= What to work on =
Pick each line containing "Commit" out of the records.

[Dataset entries]
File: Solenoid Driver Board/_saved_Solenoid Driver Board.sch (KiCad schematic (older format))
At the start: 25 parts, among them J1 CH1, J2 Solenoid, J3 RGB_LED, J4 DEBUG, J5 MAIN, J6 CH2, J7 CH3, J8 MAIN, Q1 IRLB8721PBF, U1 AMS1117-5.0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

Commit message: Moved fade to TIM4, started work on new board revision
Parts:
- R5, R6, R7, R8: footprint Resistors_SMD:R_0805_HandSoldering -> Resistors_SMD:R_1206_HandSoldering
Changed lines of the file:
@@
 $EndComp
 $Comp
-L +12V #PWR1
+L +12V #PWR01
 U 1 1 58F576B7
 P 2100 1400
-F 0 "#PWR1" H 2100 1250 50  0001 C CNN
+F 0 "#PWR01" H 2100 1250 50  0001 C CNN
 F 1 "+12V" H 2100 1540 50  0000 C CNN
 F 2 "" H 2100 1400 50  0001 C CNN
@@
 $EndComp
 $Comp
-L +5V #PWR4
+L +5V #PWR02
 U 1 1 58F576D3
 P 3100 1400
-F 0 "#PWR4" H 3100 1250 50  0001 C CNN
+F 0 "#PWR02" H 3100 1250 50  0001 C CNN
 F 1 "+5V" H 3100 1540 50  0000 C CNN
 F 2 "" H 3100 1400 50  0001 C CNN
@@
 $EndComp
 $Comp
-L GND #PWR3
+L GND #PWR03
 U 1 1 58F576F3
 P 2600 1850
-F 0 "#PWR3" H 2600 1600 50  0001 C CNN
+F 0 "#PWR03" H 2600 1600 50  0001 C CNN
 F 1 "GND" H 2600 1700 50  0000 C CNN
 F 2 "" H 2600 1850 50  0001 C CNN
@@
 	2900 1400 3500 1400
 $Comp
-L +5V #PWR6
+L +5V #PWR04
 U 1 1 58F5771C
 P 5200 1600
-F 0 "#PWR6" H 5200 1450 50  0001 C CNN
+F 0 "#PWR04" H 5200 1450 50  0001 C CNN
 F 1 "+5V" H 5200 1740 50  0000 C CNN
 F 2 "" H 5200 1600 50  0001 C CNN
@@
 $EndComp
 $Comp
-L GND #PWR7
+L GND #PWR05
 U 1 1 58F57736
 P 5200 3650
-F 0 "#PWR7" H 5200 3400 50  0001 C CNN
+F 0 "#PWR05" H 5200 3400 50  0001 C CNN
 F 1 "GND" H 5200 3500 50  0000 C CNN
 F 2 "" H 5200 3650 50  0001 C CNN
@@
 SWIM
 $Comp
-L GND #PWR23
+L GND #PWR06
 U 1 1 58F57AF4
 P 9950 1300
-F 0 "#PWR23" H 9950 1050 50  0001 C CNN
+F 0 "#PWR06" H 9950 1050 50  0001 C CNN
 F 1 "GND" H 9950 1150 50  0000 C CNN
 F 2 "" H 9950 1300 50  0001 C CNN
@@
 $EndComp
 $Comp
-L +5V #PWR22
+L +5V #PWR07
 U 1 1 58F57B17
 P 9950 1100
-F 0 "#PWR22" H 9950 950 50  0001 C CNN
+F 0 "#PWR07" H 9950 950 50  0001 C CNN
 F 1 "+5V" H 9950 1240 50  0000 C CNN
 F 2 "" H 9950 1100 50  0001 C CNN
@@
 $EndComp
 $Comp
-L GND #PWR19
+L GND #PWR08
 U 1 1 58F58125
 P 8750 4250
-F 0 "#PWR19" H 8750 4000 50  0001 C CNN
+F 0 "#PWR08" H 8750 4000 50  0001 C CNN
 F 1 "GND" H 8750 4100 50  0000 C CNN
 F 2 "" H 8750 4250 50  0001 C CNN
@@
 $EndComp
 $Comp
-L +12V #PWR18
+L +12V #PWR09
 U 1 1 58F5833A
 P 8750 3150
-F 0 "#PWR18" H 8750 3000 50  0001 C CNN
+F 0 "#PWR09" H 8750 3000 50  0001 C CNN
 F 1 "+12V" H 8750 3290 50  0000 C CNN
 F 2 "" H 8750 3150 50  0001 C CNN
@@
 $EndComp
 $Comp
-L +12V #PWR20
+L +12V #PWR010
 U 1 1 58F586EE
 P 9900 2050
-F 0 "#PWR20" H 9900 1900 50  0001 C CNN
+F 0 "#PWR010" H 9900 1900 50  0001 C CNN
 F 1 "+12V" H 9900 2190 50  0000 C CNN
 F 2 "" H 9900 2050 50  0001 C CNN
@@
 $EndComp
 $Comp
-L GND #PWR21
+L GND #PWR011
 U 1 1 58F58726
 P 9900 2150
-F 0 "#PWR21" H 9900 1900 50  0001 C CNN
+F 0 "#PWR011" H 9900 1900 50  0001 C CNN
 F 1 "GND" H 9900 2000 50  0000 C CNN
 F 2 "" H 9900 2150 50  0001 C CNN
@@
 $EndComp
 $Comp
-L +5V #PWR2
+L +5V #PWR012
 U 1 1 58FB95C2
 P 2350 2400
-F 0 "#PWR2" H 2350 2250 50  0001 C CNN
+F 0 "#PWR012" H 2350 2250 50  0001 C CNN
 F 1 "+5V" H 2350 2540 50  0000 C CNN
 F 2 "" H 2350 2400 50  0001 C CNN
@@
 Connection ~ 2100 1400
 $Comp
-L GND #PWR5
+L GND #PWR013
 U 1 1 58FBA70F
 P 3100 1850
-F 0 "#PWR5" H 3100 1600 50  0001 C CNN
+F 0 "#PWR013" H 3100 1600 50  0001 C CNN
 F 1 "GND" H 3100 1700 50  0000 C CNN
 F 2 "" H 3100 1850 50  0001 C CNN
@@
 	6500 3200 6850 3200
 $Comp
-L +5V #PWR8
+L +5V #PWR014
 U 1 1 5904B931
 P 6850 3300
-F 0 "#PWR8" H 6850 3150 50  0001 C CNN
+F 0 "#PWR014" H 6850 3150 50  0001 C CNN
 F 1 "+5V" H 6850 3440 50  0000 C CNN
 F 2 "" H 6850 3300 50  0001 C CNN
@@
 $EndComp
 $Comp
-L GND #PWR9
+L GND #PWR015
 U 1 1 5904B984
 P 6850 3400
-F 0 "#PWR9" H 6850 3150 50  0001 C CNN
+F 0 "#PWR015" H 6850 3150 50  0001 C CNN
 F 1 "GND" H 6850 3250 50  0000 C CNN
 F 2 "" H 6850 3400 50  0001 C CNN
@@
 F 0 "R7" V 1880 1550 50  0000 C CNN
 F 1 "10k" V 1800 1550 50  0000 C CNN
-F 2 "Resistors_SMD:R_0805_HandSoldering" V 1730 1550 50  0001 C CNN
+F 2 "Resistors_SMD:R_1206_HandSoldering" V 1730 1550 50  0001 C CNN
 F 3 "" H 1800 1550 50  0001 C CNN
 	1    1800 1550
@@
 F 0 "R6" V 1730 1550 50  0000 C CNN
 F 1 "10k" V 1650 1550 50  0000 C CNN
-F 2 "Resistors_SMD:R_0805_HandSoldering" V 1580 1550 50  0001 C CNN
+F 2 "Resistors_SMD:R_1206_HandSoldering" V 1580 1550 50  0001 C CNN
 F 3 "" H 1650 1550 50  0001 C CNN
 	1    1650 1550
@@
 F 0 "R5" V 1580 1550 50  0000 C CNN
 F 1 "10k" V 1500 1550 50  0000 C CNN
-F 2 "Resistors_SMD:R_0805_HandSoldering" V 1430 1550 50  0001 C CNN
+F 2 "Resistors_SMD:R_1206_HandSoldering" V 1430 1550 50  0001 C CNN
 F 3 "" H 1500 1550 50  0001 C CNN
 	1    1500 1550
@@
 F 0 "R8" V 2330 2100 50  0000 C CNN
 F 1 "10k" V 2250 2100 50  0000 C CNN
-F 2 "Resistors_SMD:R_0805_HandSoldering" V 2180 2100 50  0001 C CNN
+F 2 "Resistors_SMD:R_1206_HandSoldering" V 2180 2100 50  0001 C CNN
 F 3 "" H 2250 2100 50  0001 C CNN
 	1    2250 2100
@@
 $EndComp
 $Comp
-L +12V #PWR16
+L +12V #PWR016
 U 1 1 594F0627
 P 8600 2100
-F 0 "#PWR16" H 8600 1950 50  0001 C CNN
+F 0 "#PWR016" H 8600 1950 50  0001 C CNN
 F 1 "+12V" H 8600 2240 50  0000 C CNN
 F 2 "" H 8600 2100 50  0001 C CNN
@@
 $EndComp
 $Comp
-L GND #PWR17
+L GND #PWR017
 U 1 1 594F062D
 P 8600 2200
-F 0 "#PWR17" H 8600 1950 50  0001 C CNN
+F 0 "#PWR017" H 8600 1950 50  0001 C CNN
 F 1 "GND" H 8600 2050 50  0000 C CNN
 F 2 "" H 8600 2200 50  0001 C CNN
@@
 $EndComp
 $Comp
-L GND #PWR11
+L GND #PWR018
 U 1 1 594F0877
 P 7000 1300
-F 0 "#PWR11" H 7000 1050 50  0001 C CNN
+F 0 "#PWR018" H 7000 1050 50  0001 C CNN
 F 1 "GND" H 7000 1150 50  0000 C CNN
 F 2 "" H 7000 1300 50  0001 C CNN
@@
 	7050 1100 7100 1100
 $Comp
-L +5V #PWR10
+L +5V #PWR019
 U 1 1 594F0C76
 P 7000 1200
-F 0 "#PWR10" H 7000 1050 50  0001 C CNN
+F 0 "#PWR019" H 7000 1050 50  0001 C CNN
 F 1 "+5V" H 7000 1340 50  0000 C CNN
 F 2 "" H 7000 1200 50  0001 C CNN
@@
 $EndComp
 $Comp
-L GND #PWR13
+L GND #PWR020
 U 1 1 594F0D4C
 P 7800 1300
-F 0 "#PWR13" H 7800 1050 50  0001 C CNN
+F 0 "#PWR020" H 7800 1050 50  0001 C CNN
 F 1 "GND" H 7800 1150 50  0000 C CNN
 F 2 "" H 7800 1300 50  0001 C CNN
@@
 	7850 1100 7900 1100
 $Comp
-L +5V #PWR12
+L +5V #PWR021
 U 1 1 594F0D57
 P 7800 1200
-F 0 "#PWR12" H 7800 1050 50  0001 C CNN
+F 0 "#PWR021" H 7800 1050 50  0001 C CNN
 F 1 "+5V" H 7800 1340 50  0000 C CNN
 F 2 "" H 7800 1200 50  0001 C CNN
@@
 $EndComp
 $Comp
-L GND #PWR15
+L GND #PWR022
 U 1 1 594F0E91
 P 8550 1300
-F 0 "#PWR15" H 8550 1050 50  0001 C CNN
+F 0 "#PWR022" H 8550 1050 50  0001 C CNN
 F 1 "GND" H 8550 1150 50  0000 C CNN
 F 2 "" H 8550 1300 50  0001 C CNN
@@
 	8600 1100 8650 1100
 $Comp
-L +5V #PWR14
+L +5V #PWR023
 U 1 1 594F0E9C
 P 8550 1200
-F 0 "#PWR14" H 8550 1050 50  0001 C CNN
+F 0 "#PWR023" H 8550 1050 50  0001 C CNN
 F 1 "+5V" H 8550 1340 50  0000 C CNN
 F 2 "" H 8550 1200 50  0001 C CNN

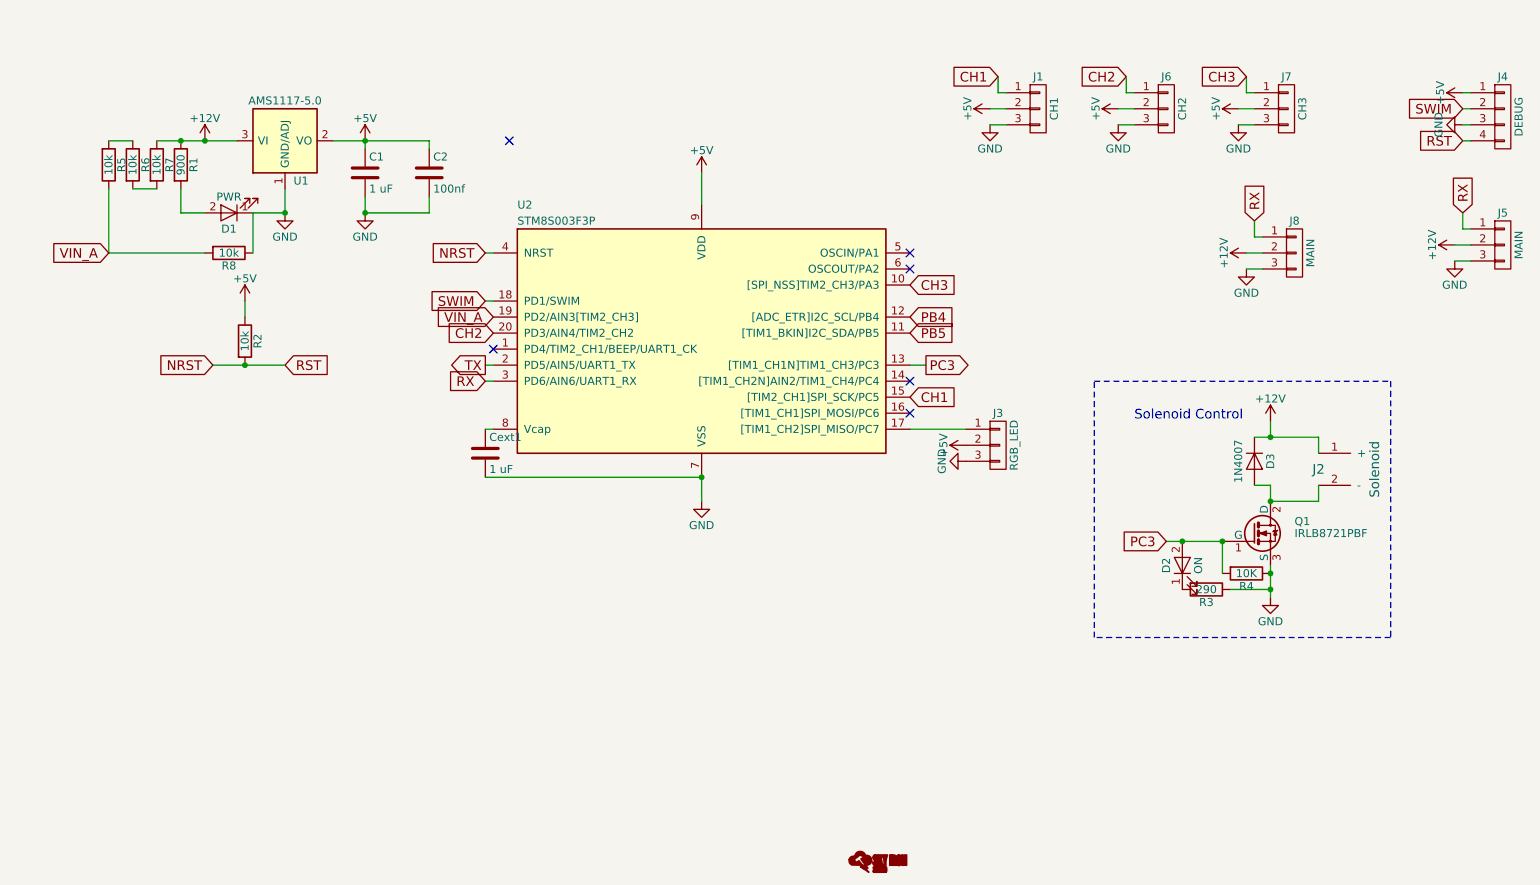
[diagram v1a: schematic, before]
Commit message: Added IWDG timer support
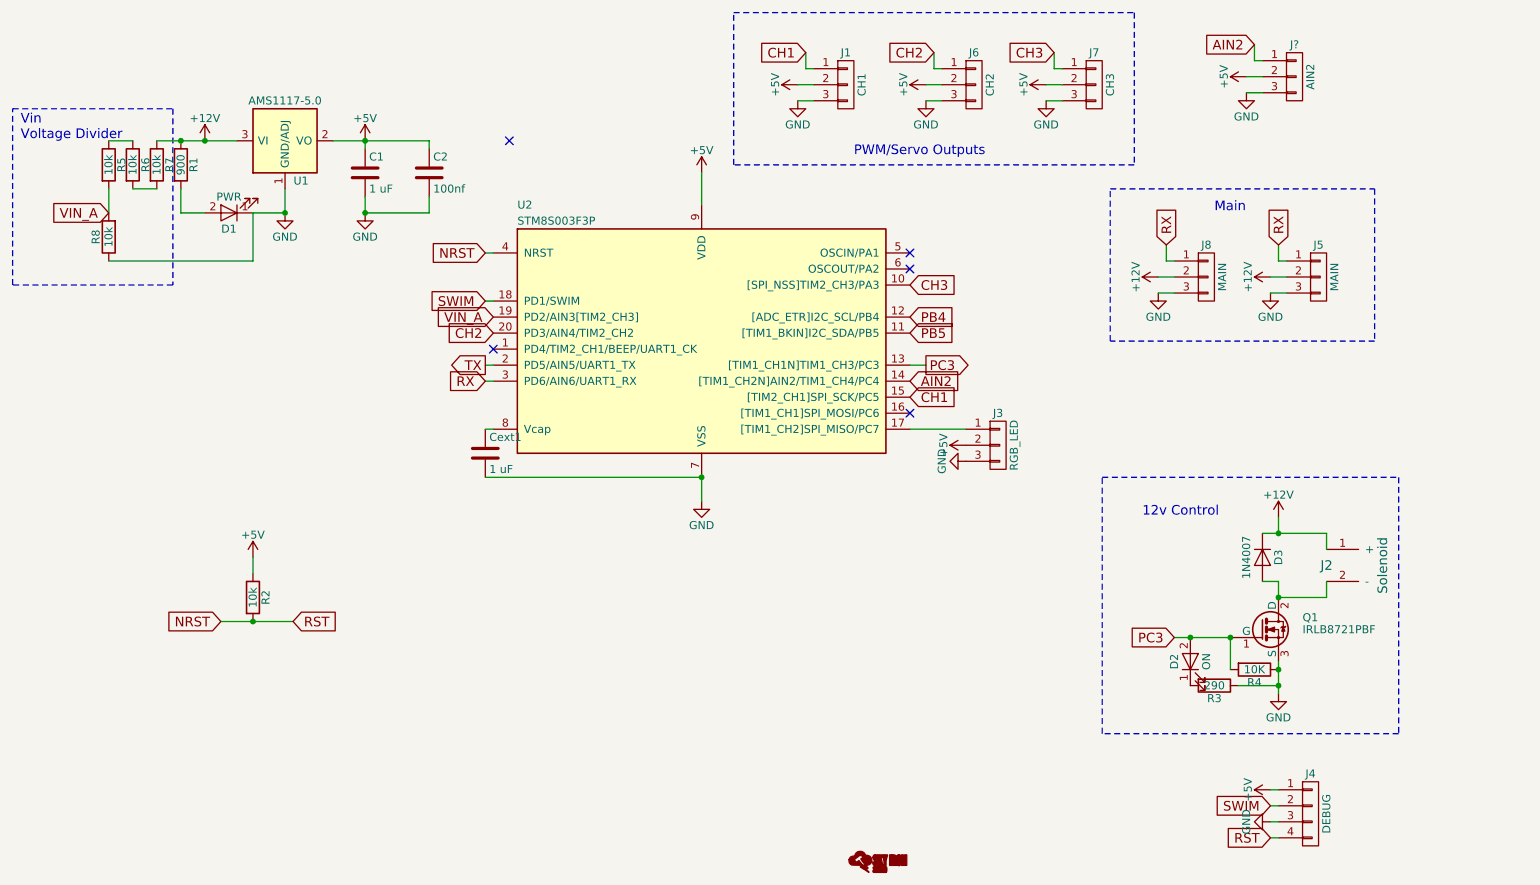
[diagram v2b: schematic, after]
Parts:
- added J?: AIN2, Pin_Headers:Pin_Header_Straight_1x03_Pitch2.54mm, symbol CONN_01X03
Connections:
- net +5V: now also J?.2 (P2)
- net GND: now also J?.3 (P3)
- net VIN_A: now also R5.2; no longer R5.1
- net AIN2: now reaches U2.14 ([TIM1_CH2N]AIN2/TIM1_CH4/PC4)
- net AIN2: now also J?.1 (P1)
- net at R6.1: now also R5.1; no longer R5.2
- no-connect marks 6 -> 5
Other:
- note added: "12v Control"
- note added: "Main"
- note added: "PWM/Servo Outputs"
- note added: "Vin \nVoltage Divider"
- note removed: "Solenoid Control"
- moved on the sheet: D2, D3, J1, J2, J4, J5, J6, J7, J8, Q1, R2, R3

= Result =
Commit message: Moved fade to TIM4, started work on new board revision
Commit message: Added IWDG timer support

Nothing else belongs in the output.